* EXERCISE INSTRUCTIONS *
Somewhere below is a line with "#66=EDGE_LOOP('',(#65));" and, later, a line with "#77=ORIENTED_EDGE('',*,*,#76,.T.);"; repeat those two lines and all the lines between them, exactly as they are.

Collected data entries
::::::::

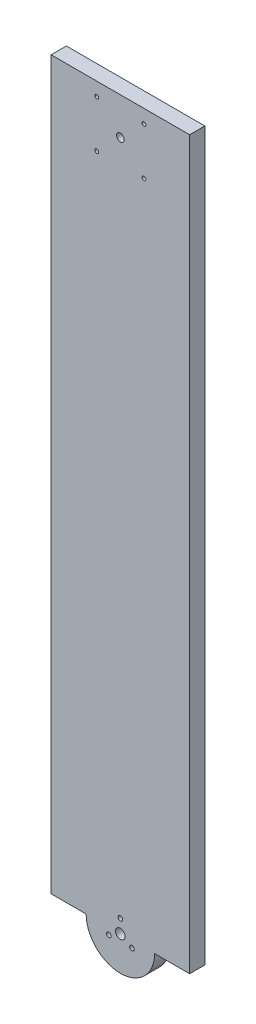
ISO-10303-21;
HEADER;
FILE_DESCRIPTION(('STEP AP214'),'2;1');
FILE_NAME('part.step','',(''),(''),'','','');
FILE_SCHEMA(('AUTOMOTIVE_DESIGN { 1 0 10303 214 1 1 1 1 }'));
ENDSEC;
DATA;
#1=APPLICATION_CONTEXT('core data for automotive mechanical design processes');
#2=APPLICATION_PROTOCOL_DEFINITION('international standard','automotive_design',2000,#1);
#3=PRODUCT_CONTEXT('',#1,'mechanical');
#4=PRODUCT('Part','Part','',(#3));
#5=PRODUCT_RELATED_PRODUCT_CATEGORY('part','',(#4));
#6=PRODUCT_DEFINITION_FORMATION('','',#4);
#7=PRODUCT_DEFINITION_CONTEXT('part definition',#1,'design');
#8=PRODUCT_DEFINITION('design','',#6,#7);
#9=PRODUCT_DEFINITION_SHAPE('','',#8);
#10=(LENGTH_UNIT() NAMED_UNIT(*) SI_UNIT(.MILLI.,.METRE.));
#11=(NAMED_UNIT(*) PLANE_ANGLE_UNIT() SI_UNIT($,.RADIAN.));
#12=(NAMED_UNIT(*) SI_UNIT($,.STERADIAN.) SOLID_ANGLE_UNIT());
#13=UNCERTAINTY_MEASURE_WITH_UNIT(LENGTH_MEASURE(1.E-05),#10,'distance_accuracy_value','');
#14=(GEOMETRIC_REPRESENTATION_CONTEXT(3) GLOBAL_UNCERTAINTY_ASSIGNED_CONTEXT((#13)) GLOBAL_UNIT_ASSIGNED_CONTEXT((#10,
#11,#12)) REPRESENTATION_CONTEXT('',''));
#15=CARTESIAN_POINT('',(0.,0.,0.));
#16=DIRECTION('',(0.,0.,1.));
#17=DIRECTION('',(1.,0.,0.));
#18=AXIS2_PLACEMENT_3D('',#15,#16,#17);
#19=CARTESIAN_POINT('',(-5.03416752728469E-12,-347.5,10.));
#20=DIRECTION('',(0.,0.,1.));
#21=DIRECTION('',(1.,0.,0.));
#22=AXIS2_PLACEMENT_3D('',#19,#20,#21);
#23=PLANE('',#22);
#24=CARTESIAN_POINT('',(7.57772228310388,-351.875000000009,10.));
#25=DIRECTION('',(0.,0.,1.));
#26=DIRECTION('',(1.,0.,0.));
#27=AXIS2_PLACEMENT_3D('',#24,#25,#26);
#28=CIRCLE('',#27,1.49999999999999);
#29=CARTESIAN_POINT('',(9.07772228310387,-351.875000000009,10.));
#30=VERTEX_POINT('',#29);
#31=EDGE_CURVE('E136',#30,#30,#28,.T.);
#32=ORIENTED_EDGE('',*,*,#31,.F.);
#33=EDGE_LOOP('',(#32));
#34=FACE_BOUND('',#33,.T.);
#35=CARTESIAN_POINT('',(5.46489483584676E-12,-338.75,10.));
#36=DIRECTION('',(0.,0.,1.));
#37=DIRECTION('',(1.,0.,0.));
#38=AXIS2_PLACEMENT_3D('',#35,#36,#37);
#39=CIRCLE('',#38,1.5);
#40=CARTESIAN_POINT('',(1.50000000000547,-338.75,10.));
#41=VERTEX_POINT('',#40);
#42=EDGE_CURVE('E148',#41,#41,#39,.T.);
#43=ORIENTED_EDGE('',*,*,#42,.F.);
#44=EDGE_LOOP('',(#43));
#45=FACE_BOUND('',#44,.T.);
#46=CARTESIAN_POINT('',(-15.4999999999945,90.1639203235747,10.));
#47=DIRECTION('',(0.,0.,1.));
#48=DIRECTION('',(-1.,0.,0.));
#49=AXIS2_PLACEMENT_3D('',#46,#47,#48);
#50=CIRCLE('',#49,1.25);
#51=CARTESIAN_POINT('',(-16.7499999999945,90.1639203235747,10.));
#52=VERTEX_POINT('',#51);
#53=EDGE_CURVE('E160',#52,#52,#50,.T.);
#54=ORIENTED_EDGE('',*,*,#53,.F.);
#55=EDGE_LOOP('',(#54));
#56=FACE_BOUND('',#55,.T.);
#57=CARTESIAN_POINT('',(15.5000000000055,121.163920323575,10.));
#58=DIRECTION('',(0.,0.,1.));
#59=DIRECTION('',(-1.,0.,0.));
#60=AXIS2_PLACEMENT_3D('',#57,#58,#59);
#61=CIRCLE('',#60,1.25);
#62=CARTESIAN_POINT('',(14.2500000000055,121.163920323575,10.));
#63=VERTEX_POINT('',#62);
#64=EDGE_CURVE('E172',#63,#63,#61,.T.);
#65=ORIENTED_EDGE('',*,*,#64,.F.);
#66=EDGE_LOOP('',(#65));
#67=FACE_BOUND('',#66,.T.);
#68=DIRECTION('',(-1.,0.,0.));
#69=VECTOR('',#68,1.);
#70=CARTESIAN_POINT('',(-22.5,130.,10.));
#71=LINE('',#70,#69);
#72=CARTESIAN_POINT('',(45.500000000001,130.,10.));
#73=VERTEX_POINT('',#72);
#74=CARTESIAN_POINT('',(-45.499999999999,130.,10.));
#75=VERTEX_POINT('',#74);
#76=EDGE_CURVE('E184',#73,#75,#71,.T.);
#77=ORIENTED_EDGE('',*,*,#76,.T.);
#78=DIRECTION('',(0.,1.,0.));
#79=VECTOR('',#78,1.);
#80=CARTESIAN_POINT('',(-45.499999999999,130.,10.));
#81=LINE('',#80,#79);
#82=CARTESIAN_POINT('',(-45.5000000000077,-347.5,10.));
#83=VERTEX_POINT('',#82);
#84=EDGE_CURVE('E95',#83,#75,#81,.T.);
#85=ORIENTED_EDGE('',*,*,#84,.F.);
#86=DIRECTION('',(1.,0.,0.));
#87=VECTOR('',#86,1.);
#88=CARTESIAN_POINT('',(-45.5000000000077,-347.5,10.));
#89=LINE('',#88,#87);
#90=CARTESIAN_POINT('',(-22.500000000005,-347.5,10.));
#91=VERTEX_POINT('',#90);
#92=EDGE_CURVE('E91',#83,#91,#89,.T.);
#93=ORIENTED_EDGE('',*,*,#92,.T.);
#94=CARTESIAN_POINT('',(-5.03416752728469E-12,-347.5,10.));
#95=DIRECTION('',(0.,0.,1.));
#96=DIRECTION('',(1.,0.,0.));
#97=AXIS2_PLACEMENT_3D('',#94,#95,#96);
#98=CIRCLE('',#97,22.5);
#99=CARTESIAN_POINT('',(22.4999999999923,-347.5,9.99999999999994));
#100=VERTEX_POINT('',#99);
#101=EDGE_CURVE('E49',#91,#100,#98,.T.);
#102=ORIENTED_EDGE('',*,*,#101,.T.);
#103=DIRECTION('',(-1.,0.,0.));
#104=VECTOR('',#103,1.);
#105=CARTESIAN_POINT('',(45.4999999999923,-347.5,9.99999999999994));
#106=LINE('',#105,#104);
#107=CARTESIAN_POINT('',(45.4999999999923,-347.5,9.99999999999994));
#108=VERTEX_POINT('',#107);
#109=EDGE_CURVE('E127',#108,#100,#106,.T.);
#110=ORIENTED_EDGE('',*,*,#109,.F.);
#111=DIRECTION('',(0.,-1.,0.));
#112=VECTOR('',#111,1.);
#113=CARTESIAN_POINT('',(45.500000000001,130.,10.));
#114=LINE('',#113,#112);
#115=EDGE_CURVE('E110',#73,#108,#114,.T.);
#116=ORIENTED_EDGE('',*,*,#115,.F.);
#117=EDGE_LOOP('',(#77,#85,#93,#102,#110,#116));
#118=FACE_BOUND('',#117,.T.);
#119=CARTESIAN_POINT('',(-15.4999999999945,121.163920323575,10.));
#120=DIRECTION('',(0.,0.,1.));
#121=DIRECTION('',(1.,0.,0.));
#122=AXIS2_PLACEMENT_3D('',#119,#120,#121);
#123=CIRCLE('',#122,1.25);
#124=CARTESIAN_POINT('',(-14.2499999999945,121.163920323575,10.));
#125=VERTEX_POINT('',#124);
#126=EDGE_CURVE('E178',#125,#125,#123,.T.);
#127=ORIENTED_EDGE('',*,*,#126,.F.);
#128=EDGE_LOOP('',(#127));
#129=FACE_BOUND('',#128,.T.);
#130=CARTESIAN_POINT('',(15.5000000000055,90.1639203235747,10.));
#131=DIRECTION('',(0.,0.,1.));
#132=DIRECTION('',(1.,0.,0.));
#133=AXIS2_PLACEMENT_3D('',#130,#131,#132);
#134=CIRCLE('',#133,1.25);
#135=CARTESIAN_POINT('',(16.7500000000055,90.1639203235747,10.));
#136=VERTEX_POINT('',#135);
#137=EDGE_CURVE('E166',#136,#136,#134,.T.);
#138=ORIENTED_EDGE('',*,*,#137,.F.);
#139=EDGE_LOOP('',(#138));
#140=FACE_BOUND('',#139,.T.);
#141=CARTESIAN_POINT('',(5.4678483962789E-12,105.663920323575,10.));
#142=DIRECTION('',(0.,0.,1.));
#143=DIRECTION('',(1.,0.,0.));
#144=AXIS2_PLACEMENT_3D('',#141,#142,#143);
#145=CIRCLE('',#144,2.5);
#146=CARTESIAN_POINT('',(2.50000000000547,105.663920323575,10.));
#147=VERTEX_POINT('',#146);
#148=EDGE_CURVE('E154',#147,#147,#145,.T.);
#149=ORIENTED_EDGE('',*,*,#148,.F.);
#150=EDGE_LOOP('',(#149));
#151=FACE_BOUND('',#150,.T.);
#152=CARTESIAN_POINT('',(-5.03416752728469E-12,-347.5,10.));
#153=DIRECTION('',(0.,0.,1.));
#154=DIRECTION('',(1.,0.,0.));
#155=AXIS2_PLACEMENT_3D('',#152,#153,#154);
#156=CIRCLE('',#155,3.15000000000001);
#157=CARTESIAN_POINT('',(3.14999999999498,-347.5,10.));
#158=VERTEX_POINT('',#157);
#159=EDGE_CURVE('E142',#158,#158,#156,.T.);
#160=ORIENTED_EDGE('',*,*,#159,.F.);
#161=EDGE_LOOP('',(#160));
#162=FACE_BOUND('',#161,.T.);
#163=CARTESIAN_POINT('',(-7.5777222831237,-351.874999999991,10.));
#164=DIRECTION('',(0.,0.,1.));
#165=DIRECTION('',(1.,0.,0.));
#166=AXIS2_PLACEMENT_3D('',#163,#164,#165);
#167=CIRCLE('',#166,1.49999999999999);
#168=CARTESIAN_POINT('',(-6.07772228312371,-351.874999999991,10.));
#169=VERTEX_POINT('',#168);
#170=EDGE_CURVE('E130',#169,#169,#167,.T.);
#171=ORIENTED_EDGE('',*,*,#170,.F.);
#172=EDGE_LOOP('',(#171));
#173=FACE_BOUND('',#172,.T.);
#174=ADVANCED_FACE('F35',(#34,#45,#56,#67,#118,#129,#140,#151,#162,#173),#23,.T.);
#175=CARTESIAN_POINT('',(-5.03416752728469E-12,-347.5,0.));
#176=DIRECTION('',(0.,0.,1.));
#177=DIRECTION('',(1.,0.,0.));
#178=AXIS2_PLACEMENT_3D('',#175,#176,#177);
#179=PLANE('',#178);
#180=CARTESIAN_POINT('',(-5.03416752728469E-12,-347.5,0.));
#181=DIRECTION('',(0.,0.,1.));
#182=DIRECTION('',(1.,0.,0.));
#183=AXIS2_PLACEMENT_3D('',#180,#181,#182);
#184=CIRCLE('',#183,22.5);
#185=CARTESIAN_POINT('',(-22.500000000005,-347.5,0.));
#186=VERTEX_POINT('',#185);
#187=CARTESIAN_POINT('',(22.4999999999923,-347.5,0.));
#188=VERTEX_POINT('',#187);
#189=EDGE_CURVE('E109',#186,#188,#184,.T.);
#190=ORIENTED_EDGE('',*,*,#189,.F.);
#191=DIRECTION('',(1.,0.,0.));
#192=VECTOR('',#191,1.);
#193=CARTESIAN_POINT('',(-45.5000000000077,-347.5,0.));
#194=LINE('',#193,#192);
#195=CARTESIAN_POINT('',(-45.5000000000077,-347.5,0.));
#196=VERTEX_POINT('',#195);
#197=EDGE_CURVE('E89',#196,#186,#194,.T.);
#198=ORIENTED_EDGE('',*,*,#197,.F.);
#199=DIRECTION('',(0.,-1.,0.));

::::::::

* SOLVED EXERCISE *
#66=EDGE_LOOP('',(#65));
#67=FACE_BOUND('',#66,.T.);
#68=DIRECTION('',(-1.,0.,0.));
#69=VECTOR('',#68,1.);
#70=CARTESIAN_POINT('',(-22.5,130.,10.));
#71=LINE('',#70,#69);
#72=CARTESIAN_POINT('',(45.500000000001,130.,10.));
#73=VERTEX_POINT('',#72);
#74=CARTESIAN_POINT('',(-45.499999999999,130.,10.));
#75=VERTEX_POINT('',#74);
#76=EDGE_CURVE('E184',#73,#75,#71,.T.);
#77=ORIENTED_EDGE('',*,*,#76,.T.);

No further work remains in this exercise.